JD Lasica Archives: January 2002

January 22, 2002

Niches of trust: 3 one-man consumer sites

Car Place, Theme Park Insider & Consumer World sometime outshine big media

This column appeared Jan. 22, 2002, in the Online Journalism Review. Here’s the version on the OJR site. Updated May 31, 2002.

By J.D. Lasica

When it comes to consumer news and information, bigger is better, right? Not necessarily — and not when business interests and advertising dollars trump the rights of readers to obtain honest, hard-hitting advice that would send a media bean-counter into a stroke.

As most newspaper and broadcast journalists can attest, there are some news subjects that are considered generally off-limits to the news side, especially if they involve major advertisers or business associates of the publisher. In two decades working at daily newspapers, I’ve had only two stories spiked: One reported on a minor lawsuit against family members of my newspaper’s publisher; the second was a column criticizing the practices of used-car salesmen. My friends in the business, travel, real estate and automotive sections have also waded into their fair share of ethical quagmires. One need only head over to any journalism trade magazine for testimony to the increasingly grim tally in the battle between journalistic values and stockholders’ quarterly returns.

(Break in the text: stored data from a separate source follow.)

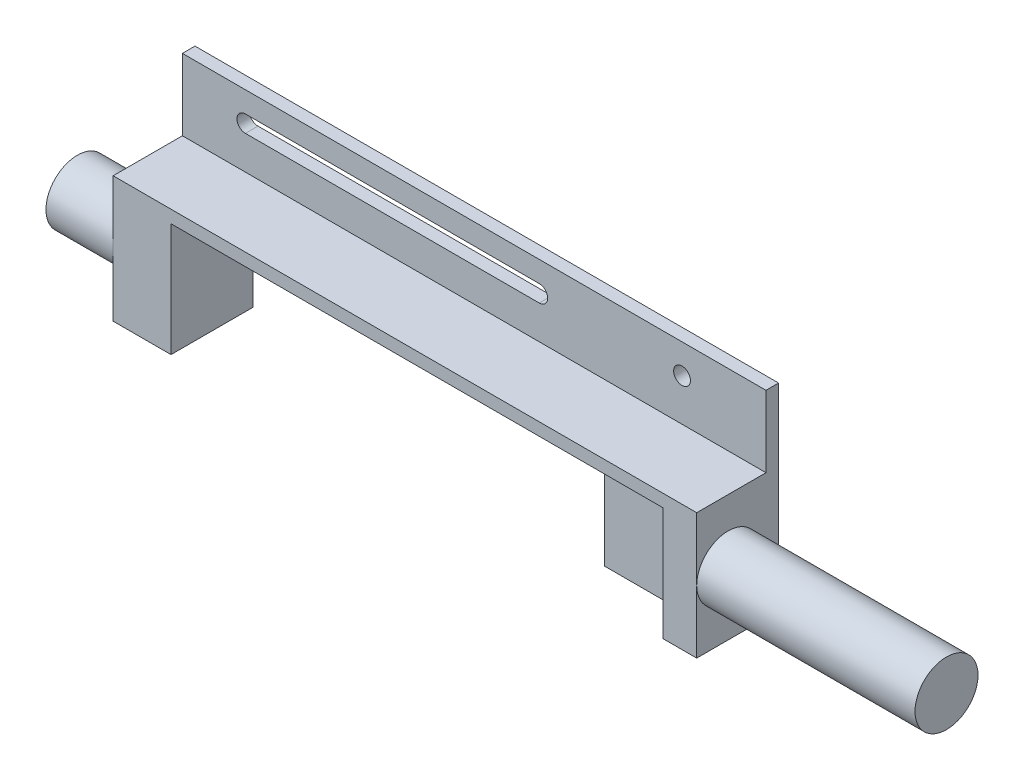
ISO-10303-21;
HEADER;
FILE_DESCRIPTION(('STEP AP214'),'2;1');
FILE_NAME('part.step','',(''),(''),'','','');
FILE_SCHEMA(('AUTOMOTIVE_DESIGN { 1 0 10303 214 1 1 1 1 }'));
ENDSEC;
DATA;
#1=APPLICATION_CONTEXT('core data for automotive mechanical design processes');
#2=APPLICATION_PROTOCOL_DEFINITION('international standard','automotive_design',2000,#1);
#3=PRODUCT_CONTEXT('',#1,'mechanical');
#4=PRODUCT('Part','Part','',(#3));
#5=PRODUCT_RELATED_PRODUCT_CATEGORY('part','',(#4));
#6=PRODUCT_DEFINITION_FORMATION('','',#4);
#7=PRODUCT_DEFINITION_CONTEXT('part definition',#1,'design');
#8=PRODUCT_DEFINITION('design','',#6,#7);
#9=PRODUCT_DEFINITION_SHAPE('','',#8);
#10=(LENGTH_UNIT() NAMED_UNIT(*) SI_UNIT(.MILLI.,.METRE.));
#11=(NAMED_UNIT(*) PLANE_ANGLE_UNIT() SI_UNIT($,.RADIAN.));
#12=(NAMED_UNIT(*) SI_UNIT($,.STERADIAN.) SOLID_ANGLE_UNIT());
#13=UNCERTAINTY_MEASURE_WITH_UNIT(LENGTH_MEASURE(1.E-05),#10,'distance_accuracy_value','');
#14=(GEOMETRIC_REPRESENTATION_CONTEXT(3) GLOBAL_UNCERTAINTY_ASSIGNED_CONTEXT((#13)) GLOBAL_UNIT_ASSIGNED_CONTEXT((#10,
#11,#12)) REPRESENTATION_CONTEXT('',''));
#15=CARTESIAN_POINT('',(0.,0.,0.));
#16=DIRECTION('',(0.,0.,1.));
#17=DIRECTION('',(1.,0.,0.));
#18=AXIS2_PLACEMENT_3D('',#15,#16,#17);
#19=CARTESIAN_POINT('',(109.,0.,-23.45));
#20=DIRECTION('',(1.,0.,0.));
#21=DIRECTION('',(0.,0.,-1.));
#22=AXIS2_PLACEMENT_3D('',#19,#20,#21);
#23=PLANE('',#22);
#24=DIRECTION('',(0.,-1.,0.));
#25=VECTOR('',#24,1.);
#26=CARTESIAN_POINT('',(109.,0.,1.74999999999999));
#27=LINE('',#26,#25);
#28=CARTESIAN_POINT('',(109.,27.,1.74999999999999));
#29=VERTEX_POINT('',#28);
#30=CARTESIAN_POINT('',(109.,0.,1.74999999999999));
#31=VERTEX_POINT('',#30);
#32=EDGE_CURVE('E190',#29,#31,#27,.T.);
#33=ORIENTED_EDGE('',*,*,#32,.F.);
#34=DIRECTION('',(0.,0.,-1.));
#35=VECTOR('',#34,1.);
#36=CARTESIAN_POINT('',(109.,27.,9.75));
#37=LINE('',#36,#35);
#38=CARTESIAN_POINT('',(109.,27.,-9.75));
#39=VERTEX_POINT('',#38);
#40=EDGE_CURVE('E186',#29,#39,#37,.T.);
#41=ORIENTED_EDGE('',*,*,#40,.T.);
#42=DIRECTION('',(0.,-1.,0.));
#43=VECTOR('',#42,1.);
#44=CARTESIAN_POINT('',(109.,0.,-9.75));
#45=LINE('',#44,#43);
#46=CARTESIAN_POINT('',(109.,0.,-9.75));
#47=VERTEX_POINT('',#46);
#48=EDGE_CURVE('E233',#39,#47,#45,.T.);
#49=ORIENTED_EDGE('',*,*,#48,.T.);
#50=DIRECTION('',(0.,0.,-1.));
#51=VECTOR('',#50,1.);
#52=CARTESIAN_POINT('',(109.,0.,9.75));
#53=LINE('',#52,#51);
#54=EDGE_CURVE('E242',#31,#47,#53,.T.);
#55=ORIENTED_EDGE('',*,*,#54,.F.);
#56=EDGE_LOOP('',(#33,#41,#49,#55));
#57=FACE_BOUND('',#56,.T.);
#58=ADVANCED_FACE('F46',(#57),#23,.F.);
#59=CARTESIAN_POINT('',(126.,17.,9.751));
#60=DIRECTION('',(0.,0.,-1.));
#61=DIRECTION('',(-1.,0.,0.));
#62=AXIS2_PLACEMENT_3D('',#59,#60,#61);
#63=CYLINDRICAL_SURFACE('',#62,2.50000000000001);
#64=CARTESIAN_POINT('',(126.,17.,-9.75));
#65=DIRECTION('',(0.,0.,-1.));
#66=DIRECTION('',(-1.,0.,0.));
#67=AXIS2_PLACEMENT_3D('',#64,#65,#66);
#68=CIRCLE('',#67,2.50000000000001);
#69=CARTESIAN_POINT('',(123.5,17.,-9.75));
#70=VERTEX_POINT('',#69);
#71=EDGE_CURVE('E211',#70,#70,#68,.T.);
#72=ORIENTED_EDGE('',*,*,#71,.T.);
#73=EDGE_LOOP('',(#72));
#74=FACE_BOUND('',#73,.T.);
#75=CARTESIAN_POINT('',(126.,17.,1.74999999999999));
#76=DIRECTION('',(0.,0.,1.));
#77=DIRECTION('',(1.,0.,0.));
#78=AXIS2_PLACEMENT_3D('',#75,#76,#77);
#79=CIRCLE('',#78,2.50000000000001);
#80=CARTESIAN_POINT('',(128.5,17.,1.74999999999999));
#81=VERTEX_POINT('',#80);
#82=EDGE_CURVE('E207',#81,#81,#79,.F.);
#83=ORIENTED_EDGE('',*,*,#82,.F.);
#84=EDGE_LOOP('',(#83));
#85=FACE_BOUND('',#84,.T.);
#86=ADVANCED_FACE('F398',(#74,#85),#63,.F.);
#87=CARTESIAN_POINT('',(126.,7.,9.751));
#88=DIRECTION('',(0.,0.,-1.));
#89=DIRECTION('',(-1.,0.,0.));
#90=AXIS2_PLACEMENT_3D('',#87,#88,#89);
#91=CYLINDRICAL_SURFACE('',#90,2.5);
#92=CARTESIAN_POINT('',(126.,7.,-9.75));
#93=DIRECTION('',(0.,0.,-1.));
#94=DIRECTION('',(-1.,0.,0.));
#95=AXIS2_PLACEMENT_3D('',#92,#93,#94);
#96=CIRCLE('',#95,2.5);
#97=CARTESIAN_POINT('',(123.5,7.,-9.75));
#98=VERTEX_POINT('',#97);
#99=EDGE_CURVE('E212',#98,#98,#96,.T.);
#100=ORIENTED_EDGE('',*,*,#99,.T.);
#101=EDGE_LOOP('',(#100));
#102=FACE_BOUND('',#101,.T.);
#103=CARTESIAN_POINT('',(126.,7.,1.74999999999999));
#104=DIRECTION('',(0.,0.,1.));
#105=DIRECTION('',(1.,0.,0.));
#106=AXIS2_PLACEMENT_3D('',#103,#104,#105);
#107=CIRCLE('',#106,2.5);
#108=CARTESIAN_POINT('',(128.5,7.,1.74999999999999));
#109=VERTEX_POINT('',#108);
#110=EDGE_CURVE('E50',#109,#109,#107,.F.);
#111=ORIENTED_EDGE('',*,*,#110,.F.);
#112=EDGE_LOOP('',(#111));
#113=FACE_BOUND('',#112,.T.);
#114=ADVANCED_FACE('F405',(#102,#113),#91,.F.);
#115=CARTESIAN_POINT('',(139.,0.,9.74999999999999));
#116=DIRECTION('',(0.,1.,0.));
#117=DIRECTION('',(0.,0.,1.));
#118=AXIS2_PLACEMENT_3D('',#115,#116,#117);
#119=PLANE('',#118);
#120=DIRECTION('',(-1.,0.,0.));
#121=VECTOR('',#120,1.);
#122=CARTESIAN_POINT('',(139.,0.,9.74999999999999));
#123=LINE('',#122,#121);
#124=CARTESIAN_POINT('',(139.,0.,9.74999999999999));
#125=VERTEX_POINT('',#124);
#126=CARTESIAN_POINT('',(131.,0.,9.74999999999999));
#127=VERTEX_POINT('',#126);
#128=EDGE_CURVE('E366',#125,#127,#123,.T.);
#129=ORIENTED_EDGE('',*,*,#128,.T.);
#130=DIRECTION('',(0.,0.,1.));
#131=VECTOR('',#130,1.);
#132=CARTESIAN_POINT('',(131.,0.,1.74999999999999));
#133=LINE('',#132,#131);
#134=CARTESIAN_POINT('',(131.,0.,1.74999999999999));
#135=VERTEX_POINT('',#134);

Certainly, patches of brave reporting and of editors standing up to advertiser interests take place all the time, with little fanfare and too few kudos. Now comes the Net to help balance the equation further.

We scoped out three sites practicing varying forms of consumer journalism and community news: The Car Place, Theme Park Insider and Consumer World. All are run by current or former print journalists who put the public interest above the bottom line. All operate on a modest budget (what else?) out of their creators’ homes. And all are possible only because of the Web.

The Car Place

Bob Bowden

Ever read a review of a new car and felt there was something missing — namely, critical commentary and skeptical journalism that looks out for your interests? Bob Bowden hears you. Oh, indeed he does.

Bowden, 60, is a veteran of the newspaper automotive wars. He worked in newsrooms for 32 years, including 21 years at the St. Petersburg Times and nine years at the Tampa Tribune. Beginning in the late 1980s he began reviewing new cars, and he’s now driven and sized up well over 1,000. But there have been bumps along the way.